Key decisions (calling these now to avoid round-trips):

  • Supervisor: small Node script as PID 1 wrapped by tini. It spawns the four children, pipes their stdout/stderr with prefixes, and crashes the container if any child dies (so Docker restarts it). No s6/supervisord — keeps the runtime stack pure Node.
  • Internal edge: tiny Node http-proxy server in a new package core/edge (~100 LOC). Handles HTTP and WebSocket upgrade. The only process bound to :8080.
  • Two-user model preserved: cial user owns /cial/core (mode 0700), runs edge + back + front; agent user owns /cial/platform, runs platform-back + platform-front. Edge is cial-owned so the agent process can never bind the public port.
  • Platform Back exposure: internal-only for v1 — reachable from Platform Front server-side via http://localhost:3001, not from the browser. Avoids fighting Next.js for the /api/* namespace. We pick a public mount path later when we know the convention.
  • Next.js mode: production builds with output: 'standalone' so each Next app ships only what it needs (smaller image, faster cold start).
  • No watch / dev mode in the container — that's purely for local dev outside the container (where pnpm smoke already works).

Tasks:

  1. Add core/edge package: Node + http-proxy + ws upgrade handling.
  2. Add cial-core/supervisor (or a small bin/supervisor.mjs inside edge): spawns the four children with the right user via process.setuid (or via su-exec in the entrypoint).
  3. Add output: 'standalone' + outputFileTracingRoot to both Next apps (@cial/front, @cial/platform-front) so monorepo symlinks resolve in the standalone bundle.
  4. Add a tiny placeholder route to each surface so we can prove routing:
    • @cial/platform-front /<h1>Platform · Tenant {TENANT_ID}</h1>
    • @cial/front /.cial<h1>Cial Core · Tenant {TENANT_ID}</h1>
    • @cial/back /.cial/api/health already exists (/healthz mounted there)
    • @cial/platform-back /health already exists (internal only)
  5. Rewrite core/docker/Dockerfile as a real multi-stage build that produces the runtime image with all four services + the supervisor + correct ownership/permissions.

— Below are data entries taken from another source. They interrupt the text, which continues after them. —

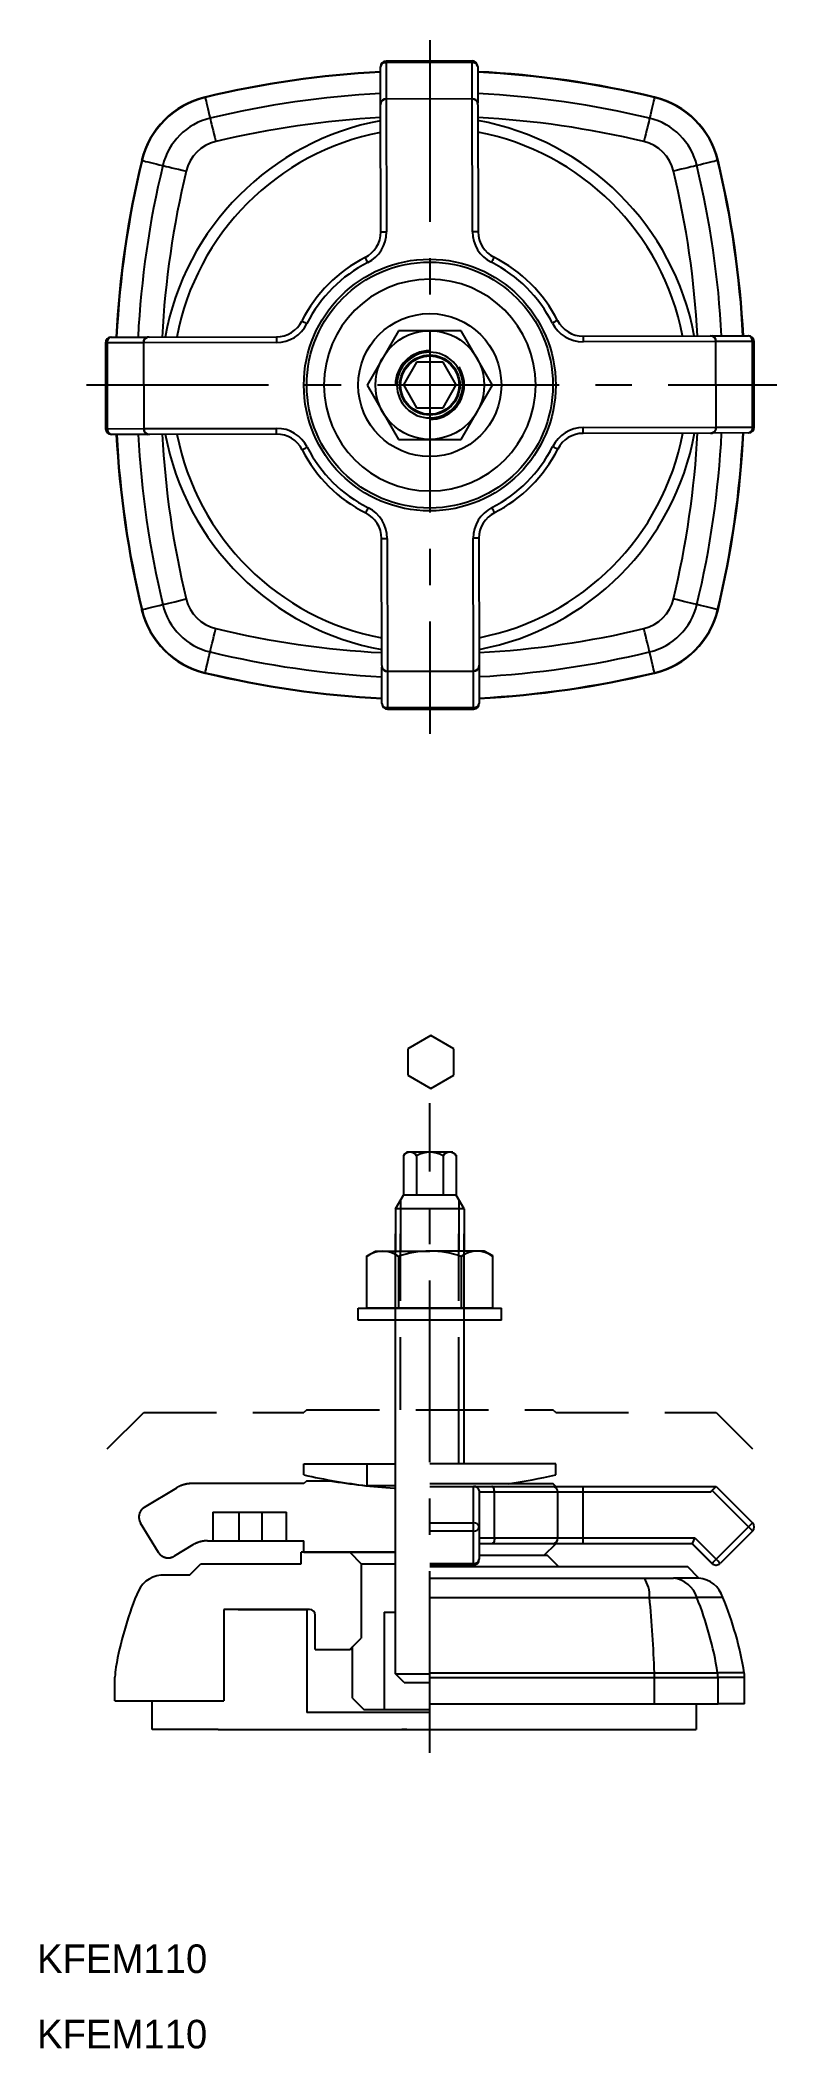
# Model space of a CAD drawing. Extents: x 11 to 140, y 10 to 361.
import ezdxf

# ---------------------------------------------------------------- set-up
doc = ezdxf.new("R2010")
doc.units = 0
doc.linetypes.add('CENTER', pattern=[50.8, 31.75, -6.35, 6.35, -6.35])
doc.linetypes.add('DASHED', pattern=[19.05, 12.7, -6.35])
doc.layers.get('0').update_dxf_attribs({"linetype": 'CONTINUOUS'})
doc.layers.add('CENTER', color=1, linetype='CENTER')
doc.styles.get("Standard").update_dxf_attribs({"font": 'txt', "oblique": 10})

msp = doc.modelspace()

# ---------------------------------------------------------------- linework, layer by layer
at = {"color": 7, "linetype": 'CONTINUOUS'}
for p, q in [((70.35, 349.7), (70.34, 356.06)), ((86.34, 357.1), (71.34, 357.07)), ((71.34, 357.05), (71.34, 357.07)), ((71.34, 356.99), (71.34, 357.05)), ((71.34, 356.9), (71.34, 356.99)), ((71.34, 356.77), (71.34, 356.9)), ((86.34, 356.81), (71.34, 356.77)), ((71.34, 356.77), (71.35, 350.41)), ((86.34, 357.08), (86.34, 357.1)), ((86.34, 357.02), (86.34, 357.08)), ((86.34, 356.93), (86.34, 357.02)), ((86.34, 356.81), (86.34, 356.93)), ((86.35, 350.44), (86.34, 356.81)), ((87.34, 356.1), (87.35, 349.74)), ((39.7, 350.77), (39.7, 350.77)), ((39.7, 350.77), (39.7, 350.77)), ((39.7, 350.77), (39.7, 350.76)), ((39.7, 350.76), (39.7, 350.76)), ((39.7, 350.76), (39.7, 350.75)), ((39.7, 350.75), (39.71, 350.74)), ((39.71, 350.74), (39.71, 350.72)), ((39.71, 350.72), (39.71, 350.71)), ((39.71, 350.71), (39.78, 350.41)), ((39.78, 350.41), (39.87, 350.07)), ((39.87, 350.07), (39.96, 349.68)), ((39.96, 349.68), (40.06, 349.25)), ((40.06, 349.25), (40.18, 348.77)), ((40.18, 348.77), (40.3, 348.25)), ((40.3, 348.25), (40.44, 347.69)), ((40.44, 347.69), (40.58, 347.08)), ((70.35, 349.41), (70.35, 349.7)), ((70.4, 327.2), (70.35, 349.41)), ((86.35, 350.44), (71.35, 350.41)), ((71.35, 350.41), (71.4, 327.2)), ((86.4, 327.23), (86.35, 350.44)), ((87.35, 349.44), (87.35, 349.74)), ((87.35, 349.44), (87.4, 327.24)), ((117.49, 347.69), (117.35, 347.08)), ((117.63, 348.25), (117.49, 347.69)), ((117.75, 348.77), (117.63, 348.25)), ((117.87, 349.25), (117.75, 348.77)), ((117.97, 349.68), (117.87, 349.25)), ((118.06, 350.07), (117.97, 349.68)), ((118.15, 350.41), (118.06, 350.07)), ((118.22, 350.71), (118.15, 350.41)), ((118.23, 350.75), (118.22, 350.74)), ((118.22, 350.74), (118.22, 350.72)), ((118.22, 350.72), (118.22, 350.71)), ((118.23, 350.77), (118.23, 350.77)), ((118.23, 350.77), (118.23, 350.77)), ((118.23, 350.77), (118.23, 350.76)), ((118.23, 350.76), (118.23, 350.76)), ((118.23, 350.76), (118.23, 350.75)), ((40.58, 347.08), (40.65, 346.81)), ((40.65, 346.81), (40.73, 346.46)), ((40.73, 346.46), (40.84, 346.03)), ((40.84, 346.03), (40.96, 345.52)), ((40.96, 345.52), (41.1, 344.95)), ((41.1, 344.95), (41.24, 344.33)), ((41.24, 344.33), (41.4, 343.68)), ((116.69, 344.33), (116.53, 343.68)), ((116.83, 344.95), (116.69, 344.33)), ((116.97, 345.52), (116.83, 344.95)), ((117.09, 346.03), (116.97, 345.52)), ((117.2, 346.46), (117.09, 346.03)), ((117.28, 346.81), (117.2, 346.46)), ((117.35, 347.08), (117.28, 346.81)), ((41.4, 343.68), (41.57, 343)), ((116.53, 343.68), (116.36, 343)), ((28.62, 339.69), (28.62, 339.69)), ((28.62, 339.69), (28.62, 339.69)), ((28.62, 339.69), (28.63, 339.69)), ((28.63, 339.69), (28.63, 339.69)), ((28.63, 339.69), (28.64, 339.69)), ((28.64, 339.69), (28.65, 339.68)), ((28.65, 339.68), (28.67, 339.68)), ((28.67, 339.68), (28.68, 339.68)), ((28.68, 339.68), (28.98, 339.61)), ((28.98, 339.61), (29.32, 339.52)), ((29.32, 339.52), (29.71, 339.43)), ((29.71, 339.43), (30.14, 339.33)), ((30.14, 339.33), (30.62, 339.21)), ((30.62, 339.21), (31.14, 339.09)), ((31.14, 339.09), (31.7, 338.95)), ((31.7, 338.95), (32.31, 338.81)), ((32.31, 338.81), (32.58, 338.74)), ((32.58, 338.74), (32.93, 338.66)), ((32.93, 338.66), (33.36, 338.55)), ((33.36, 338.55), (33.87, 338.43)), ((33.87, 338.43), (34.44, 338.29)), ((34.44, 338.29), (35.06, 338.15)), ((35.06, 338.15), (35.71, 337.99)), ((35.71, 337.99), (36.4, 337.82)), ((122.22, 337.99), (121.53, 337.82)), ((122.87, 338.15), (122.22, 337.99)), ((123.49, 338.29), (122.87, 338.15)), ((124.06, 338.43), (123.49, 338.29)), ((124.57, 338.55), (124.06, 338.43)), ((125, 338.66), (124.57, 338.55)), ((125.35, 338.74), (125, 338.66)), ((125.62, 338.81), (125.35, 338.74)), ((126.23, 338.95), (125.62, 338.81)), ((126.79, 339.09), (126.23, 338.95)), ((127.31, 339.21), (126.79, 339.09)), ((127.79, 339.33), (127.31, 339.21)), ((128.22, 339.43), (127.79, 339.33)), ((128.61, 339.52), (128.22, 339.43)), ((128.95, 339.61), (128.61, 339.52)), ((129.25, 339.68), (128.95, 339.61)), ((129.26, 339.68), (129.25, 339.68)), ((129.28, 339.68), (129.26, 339.68)), ((129.29, 339.69), (129.28, 339.68)), ((129.3, 339.69), (129.29, 339.69)), ((129.31, 339.69), (129.3, 339.69)), ((129.3, 339.69), (129.3, 339.69)), ((129.31, 339.69), (129.31, 339.69)), ((129.31, 339.69), (129.31, 339.69)), ((70.4, 327.2), (70.42, 327.2)), ((70.42, 327.2), (70.48, 327.2)), ((70.48, 327.2), (70.57, 327.2)), ((70.57, 327.2), (70.7, 327.2)), ((70.7, 327.2), (70.85, 327.2)), ((70.85, 327.2), (71.02, 327.2)), ((71.02, 327.2), (71.21, 327.2)), ((71.21, 327.2), (71.4, 327.2)), ((86.6, 327.23), (86.4, 327.23)), ((86.79, 327.23), (86.6, 327.23)), ((86.96, 327.23), (86.79, 327.23)), ((87.11, 327.23), (86.96, 327.23)), ((87.24, 327.23), (87.11, 327.23)), ((87.33, 327.24), (87.24, 327.23)), ((87.39, 327.24), (87.33, 327.24)), ((87.4, 327.24), (87.39, 327.24)), ((67.66, 322.73), (67.67, 322.71)), ((67.67, 322.71), (67.7, 322.66)), ((67.7, 322.66), (67.74, 322.58)), ((67.74, 322.58), (67.8, 322.46)), ((67.8, 322.46), (67.87, 322.33)), ((67.87, 322.33), (67.94, 322.17)), ((67.94, 322.17), (68.03, 322.01)), ((68.03, 322.01), (68.12, 321.83)), ((89.8, 322.06), (89.72, 321.88)), ((89.89, 322.22), (89.8, 322.06)), ((89.97, 322.38), (89.89, 322.22)), ((90.03, 322.51), (89.97, 322.38)), ((90.09, 322.63), (90.03, 322.51)), ((90.13, 322.71), (90.09, 322.63)), ((90.16, 322.76), (90.13, 322.71)), ((90.16, 322.78), (90.16, 322.76)), ((56.61, 311.62), (56.63, 311.62)), ((56.63, 311.62), (56.68, 311.59)), ((56.68, 311.59), (56.76, 311.55)), ((56.76, 311.55), (56.88, 311.49)), ((56.88, 311.49), (57.01, 311.43)), ((57.01, 311.43), (57.17, 311.35)), ((57.17, 311.35), (57.33, 311.26)), ((57.33, 311.26), (57.51, 311.18)), ((84.45, 309.93), (73.48, 309.93)), ((89.94, 300.43), (84.45, 309.93)), ((100.55, 311.36), (100.37, 311.27)), ((100.71, 311.45), (100.55, 311.36)), ((100.87, 311.52), (100.71, 311.45)), ((101, 311.59), (100.87, 311.52)), ((101.11, 311.65), (101, 311.59)), ((101.2, 311.69), (101.11, 311.65)), ((101.25, 311.72), (101.2, 311.69)), ((101.27, 311.73), (101.25, 311.72)), ((105.74, 308.99), (127.95, 309.04)), ((127.95, 309.04), (128.24, 309.04)), ((128.24, 309.04), (134.6, 309.05)), ((22.29, 307.8), (22.33, 292.8)), ((22.31, 307.8), (22.29, 307.8)), ((22.37, 307.8), (22.31, 307.8)), ((22.46, 307.8), (22.37, 307.8)), ((22.58, 307.8), (22.46, 307.8)), ((28.95, 307.81), (22.58, 307.8)), ((22.58, 307.8), (22.62, 292.8)), ((23.29, 308.8), (29.65, 308.81)), ((52.16, 307.86), (28.95, 307.81)), ((28.95, 307.81), (28.98, 292.81)), ((29.95, 308.81), (29.65, 308.81)), ((29.95, 308.81), (52.15, 308.86)), ((52.15, 308.86), (52.15, 308.85)), ((52.15, 308.85), (52.16, 308.79)), ((52.16, 308.79), (52.16, 308.7)), ((52.16, 308.7), (52.16, 308.57)), ((52.16, 308.57), (52.16, 308.42)), ((52.16, 308.42), (52.16, 308.25)), ((52.16, 308.25), (52.16, 308.06)), ((52.16, 308.06), (52.16, 307.86)), ((105.74, 308.99), (105.74, 308.97)), ((105.74, 308.97), (105.74, 308.91)), ((105.74, 308.91), (105.74, 308.82)), ((105.74, 308.82), (105.74, 308.69)), ((105.74, 308.69), (105.74, 308.54)), ((105.74, 308.54), (105.74, 308.37)), ((105.74, 308.37), (105.74, 308.18)), ((105.74, 308.18), (105.74, 307.99)), ((128.95, 308.04), (105.74, 307.99)), ((135.31, 308.05), (128.95, 308.04)), ((128.98, 293.04), (128.95, 308.04)), ((135.35, 293.05), (135.31, 308.05)), ((135.31, 308.05), (135.44, 308.05)), ((135.44, 308.05), (135.53, 308.05)), ((135.53, 308.05), (135.59, 308.05)), ((135.59, 308.05), (135.6, 308.05)), ((135.64, 293.05), (135.6, 308.05)), ((22.34, 292.8), (22.33, 292.8)), ((22.4, 292.8), (22.34, 292.8)), ((22.49, 292.8), (22.4, 292.8)), ((22.62, 292.8), (22.49, 292.8)), ((22.62, 292.8), (28.98, 292.81)), ((29.69, 291.81), (23.33, 291.8)), ((28.98, 292.81), (52.19, 292.86)), ((29.98, 291.81), (29.69, 291.81)), ((52.19, 291.86), (29.98, 291.81)), ((52.19, 292.67), (52.19, 292.86)), ((52.19, 292.48), (52.19, 292.67)), ((52.19, 292.31), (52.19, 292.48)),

Entry: tini -- node /opt/core/edge/bin/supervisor.mjs.
  6. Add core/docker/.dockerignore (already there).

Verify (acceptance for L0):

docker build -f core/docker/Dockerfile -t cial-tenant:dev .
docker run --rm -e TENANT_ID=demo -p 9000:8080 cial-tenant:dev
# In another shell:
curl http://localhost:9000/                     # → "Platform · Tenant demo"
curl http://localhost:9000/.cial                # → "Cial Core · Tenant demo"
curl http://localhost:9000/.cial/api/healthz    # → {"status":"ok",…}
docker exec <id> ls -la /cial/core           # → owner cial, mode 0700
docker exec <id> sudo -u agent cat /opt/core/back/dist/index.js
                                                 # → permission denied (proves boundary)

If all five checks pass, L0 is done. The container is then a real, production-shaped artifact — every later phase just plugs into it.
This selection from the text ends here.